■ **Problem to solve**
Return all lines of the data in which the string "fill" occurs.
Data to process: Begin
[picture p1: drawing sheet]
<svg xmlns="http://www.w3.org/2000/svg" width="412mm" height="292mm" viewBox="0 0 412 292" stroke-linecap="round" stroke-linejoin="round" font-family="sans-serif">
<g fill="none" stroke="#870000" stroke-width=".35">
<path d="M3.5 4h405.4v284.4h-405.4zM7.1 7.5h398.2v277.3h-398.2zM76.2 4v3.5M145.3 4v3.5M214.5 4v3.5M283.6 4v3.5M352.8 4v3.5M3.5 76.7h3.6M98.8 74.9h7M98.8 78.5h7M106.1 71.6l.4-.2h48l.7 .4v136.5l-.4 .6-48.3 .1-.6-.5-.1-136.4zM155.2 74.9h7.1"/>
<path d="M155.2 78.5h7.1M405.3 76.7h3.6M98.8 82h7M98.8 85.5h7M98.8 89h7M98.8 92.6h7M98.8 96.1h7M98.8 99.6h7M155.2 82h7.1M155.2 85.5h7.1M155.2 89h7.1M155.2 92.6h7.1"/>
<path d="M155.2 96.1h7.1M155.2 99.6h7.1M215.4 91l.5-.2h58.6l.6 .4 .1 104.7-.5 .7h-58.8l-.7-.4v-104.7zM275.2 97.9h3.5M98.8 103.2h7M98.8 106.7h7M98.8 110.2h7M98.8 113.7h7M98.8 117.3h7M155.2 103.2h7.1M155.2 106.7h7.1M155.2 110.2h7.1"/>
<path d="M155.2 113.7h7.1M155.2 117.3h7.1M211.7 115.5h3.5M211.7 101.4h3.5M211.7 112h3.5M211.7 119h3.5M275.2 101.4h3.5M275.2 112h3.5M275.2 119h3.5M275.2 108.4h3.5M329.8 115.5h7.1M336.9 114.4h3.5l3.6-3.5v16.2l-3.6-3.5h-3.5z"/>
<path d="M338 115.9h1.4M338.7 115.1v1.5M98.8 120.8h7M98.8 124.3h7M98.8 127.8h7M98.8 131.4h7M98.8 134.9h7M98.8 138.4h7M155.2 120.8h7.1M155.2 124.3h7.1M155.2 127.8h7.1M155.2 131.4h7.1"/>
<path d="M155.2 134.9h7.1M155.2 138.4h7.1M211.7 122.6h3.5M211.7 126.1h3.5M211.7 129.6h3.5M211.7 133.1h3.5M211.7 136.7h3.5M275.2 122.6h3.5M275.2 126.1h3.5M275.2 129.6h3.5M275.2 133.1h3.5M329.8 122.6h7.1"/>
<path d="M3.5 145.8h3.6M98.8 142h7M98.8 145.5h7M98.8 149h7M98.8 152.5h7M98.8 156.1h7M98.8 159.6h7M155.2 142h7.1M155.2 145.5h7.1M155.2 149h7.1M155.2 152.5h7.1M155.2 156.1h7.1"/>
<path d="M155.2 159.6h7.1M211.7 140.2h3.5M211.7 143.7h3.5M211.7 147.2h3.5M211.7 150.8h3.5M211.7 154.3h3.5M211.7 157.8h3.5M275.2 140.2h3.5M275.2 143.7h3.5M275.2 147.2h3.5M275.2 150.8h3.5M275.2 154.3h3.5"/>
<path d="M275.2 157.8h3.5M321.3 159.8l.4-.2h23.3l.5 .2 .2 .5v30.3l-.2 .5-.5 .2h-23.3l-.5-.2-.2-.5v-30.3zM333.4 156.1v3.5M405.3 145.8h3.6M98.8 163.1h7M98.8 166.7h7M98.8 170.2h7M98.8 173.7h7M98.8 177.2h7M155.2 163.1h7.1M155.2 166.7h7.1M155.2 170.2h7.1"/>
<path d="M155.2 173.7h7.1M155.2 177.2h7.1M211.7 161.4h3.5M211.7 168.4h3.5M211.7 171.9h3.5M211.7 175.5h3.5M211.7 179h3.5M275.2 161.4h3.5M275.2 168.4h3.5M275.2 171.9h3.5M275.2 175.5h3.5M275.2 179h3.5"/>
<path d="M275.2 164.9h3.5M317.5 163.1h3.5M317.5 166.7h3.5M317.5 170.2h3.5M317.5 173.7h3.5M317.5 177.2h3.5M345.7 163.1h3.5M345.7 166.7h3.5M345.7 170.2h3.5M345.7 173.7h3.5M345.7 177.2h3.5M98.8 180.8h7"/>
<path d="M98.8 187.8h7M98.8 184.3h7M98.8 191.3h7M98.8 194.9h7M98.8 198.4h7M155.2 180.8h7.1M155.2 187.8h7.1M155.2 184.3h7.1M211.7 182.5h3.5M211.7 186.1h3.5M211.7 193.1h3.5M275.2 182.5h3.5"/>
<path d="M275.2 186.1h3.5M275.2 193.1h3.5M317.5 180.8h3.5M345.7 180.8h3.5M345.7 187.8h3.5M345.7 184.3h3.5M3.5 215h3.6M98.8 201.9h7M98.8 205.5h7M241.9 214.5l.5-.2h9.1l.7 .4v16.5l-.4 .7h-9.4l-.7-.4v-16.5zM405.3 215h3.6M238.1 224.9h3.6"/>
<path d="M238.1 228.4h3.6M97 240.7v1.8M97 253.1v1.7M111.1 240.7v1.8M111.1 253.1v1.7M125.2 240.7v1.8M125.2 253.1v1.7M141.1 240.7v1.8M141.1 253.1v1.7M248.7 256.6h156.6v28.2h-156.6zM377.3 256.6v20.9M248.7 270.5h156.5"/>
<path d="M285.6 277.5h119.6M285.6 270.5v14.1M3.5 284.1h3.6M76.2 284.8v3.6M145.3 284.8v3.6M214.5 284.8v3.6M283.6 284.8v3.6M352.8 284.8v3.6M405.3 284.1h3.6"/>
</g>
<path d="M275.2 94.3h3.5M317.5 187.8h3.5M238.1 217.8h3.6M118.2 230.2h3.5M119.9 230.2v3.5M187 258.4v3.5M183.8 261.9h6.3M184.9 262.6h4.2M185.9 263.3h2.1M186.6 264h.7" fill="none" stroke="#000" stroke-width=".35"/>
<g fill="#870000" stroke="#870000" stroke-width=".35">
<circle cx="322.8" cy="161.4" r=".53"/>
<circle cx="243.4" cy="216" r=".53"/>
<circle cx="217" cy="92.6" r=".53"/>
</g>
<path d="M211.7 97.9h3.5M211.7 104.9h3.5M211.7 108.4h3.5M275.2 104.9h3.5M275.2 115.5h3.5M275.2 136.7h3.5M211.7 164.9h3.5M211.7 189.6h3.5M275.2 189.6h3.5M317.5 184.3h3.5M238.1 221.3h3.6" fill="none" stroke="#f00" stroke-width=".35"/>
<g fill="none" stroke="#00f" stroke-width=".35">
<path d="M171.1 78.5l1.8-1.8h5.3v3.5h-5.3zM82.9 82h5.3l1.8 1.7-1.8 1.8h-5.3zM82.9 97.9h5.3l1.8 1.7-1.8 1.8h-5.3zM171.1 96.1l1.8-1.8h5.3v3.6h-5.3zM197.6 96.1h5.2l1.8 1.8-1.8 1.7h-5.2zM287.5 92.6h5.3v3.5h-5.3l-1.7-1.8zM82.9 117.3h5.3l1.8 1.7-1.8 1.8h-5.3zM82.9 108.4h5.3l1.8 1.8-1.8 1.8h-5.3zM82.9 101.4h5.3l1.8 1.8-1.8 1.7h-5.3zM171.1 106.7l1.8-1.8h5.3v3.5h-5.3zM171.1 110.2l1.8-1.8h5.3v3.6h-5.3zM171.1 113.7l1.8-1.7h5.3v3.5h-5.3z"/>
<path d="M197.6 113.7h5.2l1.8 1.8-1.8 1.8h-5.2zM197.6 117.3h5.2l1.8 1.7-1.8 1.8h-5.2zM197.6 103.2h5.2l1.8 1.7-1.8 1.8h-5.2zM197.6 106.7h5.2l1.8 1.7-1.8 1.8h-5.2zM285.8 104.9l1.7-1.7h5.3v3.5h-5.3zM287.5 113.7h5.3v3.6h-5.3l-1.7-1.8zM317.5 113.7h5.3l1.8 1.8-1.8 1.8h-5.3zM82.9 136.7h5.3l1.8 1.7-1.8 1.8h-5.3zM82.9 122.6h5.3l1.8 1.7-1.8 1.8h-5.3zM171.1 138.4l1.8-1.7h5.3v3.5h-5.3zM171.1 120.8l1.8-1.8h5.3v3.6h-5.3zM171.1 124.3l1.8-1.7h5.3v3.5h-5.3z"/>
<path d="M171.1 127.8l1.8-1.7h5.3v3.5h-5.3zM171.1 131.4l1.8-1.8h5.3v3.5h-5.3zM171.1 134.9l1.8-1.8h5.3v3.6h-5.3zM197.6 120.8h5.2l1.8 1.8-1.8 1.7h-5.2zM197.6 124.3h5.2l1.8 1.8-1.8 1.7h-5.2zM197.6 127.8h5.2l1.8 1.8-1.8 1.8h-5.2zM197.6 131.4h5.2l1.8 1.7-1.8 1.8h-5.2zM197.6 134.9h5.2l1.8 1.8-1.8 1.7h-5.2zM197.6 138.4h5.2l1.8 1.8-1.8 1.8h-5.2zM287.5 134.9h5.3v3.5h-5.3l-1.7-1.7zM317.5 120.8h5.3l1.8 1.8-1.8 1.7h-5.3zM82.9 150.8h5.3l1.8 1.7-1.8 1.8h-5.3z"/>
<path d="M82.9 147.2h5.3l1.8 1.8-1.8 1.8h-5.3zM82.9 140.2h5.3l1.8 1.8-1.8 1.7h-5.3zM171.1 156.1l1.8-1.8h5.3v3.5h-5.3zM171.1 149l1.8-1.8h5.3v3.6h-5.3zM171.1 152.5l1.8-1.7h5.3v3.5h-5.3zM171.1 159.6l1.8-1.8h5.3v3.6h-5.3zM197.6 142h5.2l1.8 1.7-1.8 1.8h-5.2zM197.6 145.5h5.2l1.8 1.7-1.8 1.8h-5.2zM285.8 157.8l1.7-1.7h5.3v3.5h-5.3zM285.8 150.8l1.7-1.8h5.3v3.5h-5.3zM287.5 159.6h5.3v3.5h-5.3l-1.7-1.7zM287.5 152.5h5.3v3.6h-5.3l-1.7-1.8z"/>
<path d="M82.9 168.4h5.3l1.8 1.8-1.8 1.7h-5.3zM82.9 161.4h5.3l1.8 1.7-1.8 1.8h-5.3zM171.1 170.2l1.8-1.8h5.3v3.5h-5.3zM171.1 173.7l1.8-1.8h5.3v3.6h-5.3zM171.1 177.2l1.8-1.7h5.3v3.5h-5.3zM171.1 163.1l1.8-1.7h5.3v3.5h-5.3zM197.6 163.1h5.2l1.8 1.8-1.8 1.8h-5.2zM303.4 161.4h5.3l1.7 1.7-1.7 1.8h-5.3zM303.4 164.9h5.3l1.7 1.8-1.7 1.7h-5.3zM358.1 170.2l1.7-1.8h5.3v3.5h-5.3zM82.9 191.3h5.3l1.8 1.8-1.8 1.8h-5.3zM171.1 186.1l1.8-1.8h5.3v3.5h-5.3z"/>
Data to process: End
■ **Answer to the problem**
<g fill="none" stroke="#870000" stroke-width=".35">
<path d="M275.2 94.3h3.5M317.5 187.8h3.5M238.1 217.8h3.6M118.2 230.2h3.5M119.9 230.2v3.5M187 258.4v3.5M183.8 261.9h6.3M184.9 262.6h4.2M185.9 263.3h2.1M186.6 264h.7" fill="none" stroke="#000" stroke-width=".35"/>
<g fill="#870000" stroke="#870000" stroke-width=".35">
<path d="M211.7 97.9h3.5M211.7 104.9h3.5M211.7 108.4h3.5M275.2 104.9h3.5M275.2 115.5h3.5M275.2 136.7h3.5M211.7 164.9h3.5M211.7 189.6h3.5M275.2 189.6h3.5M317.5 184.3h3.5M238.1 221.3h3.6" fill="none" stroke="#f00" stroke-width=".35"/>
<g fill="none" stroke="#00f" stroke-width=".35">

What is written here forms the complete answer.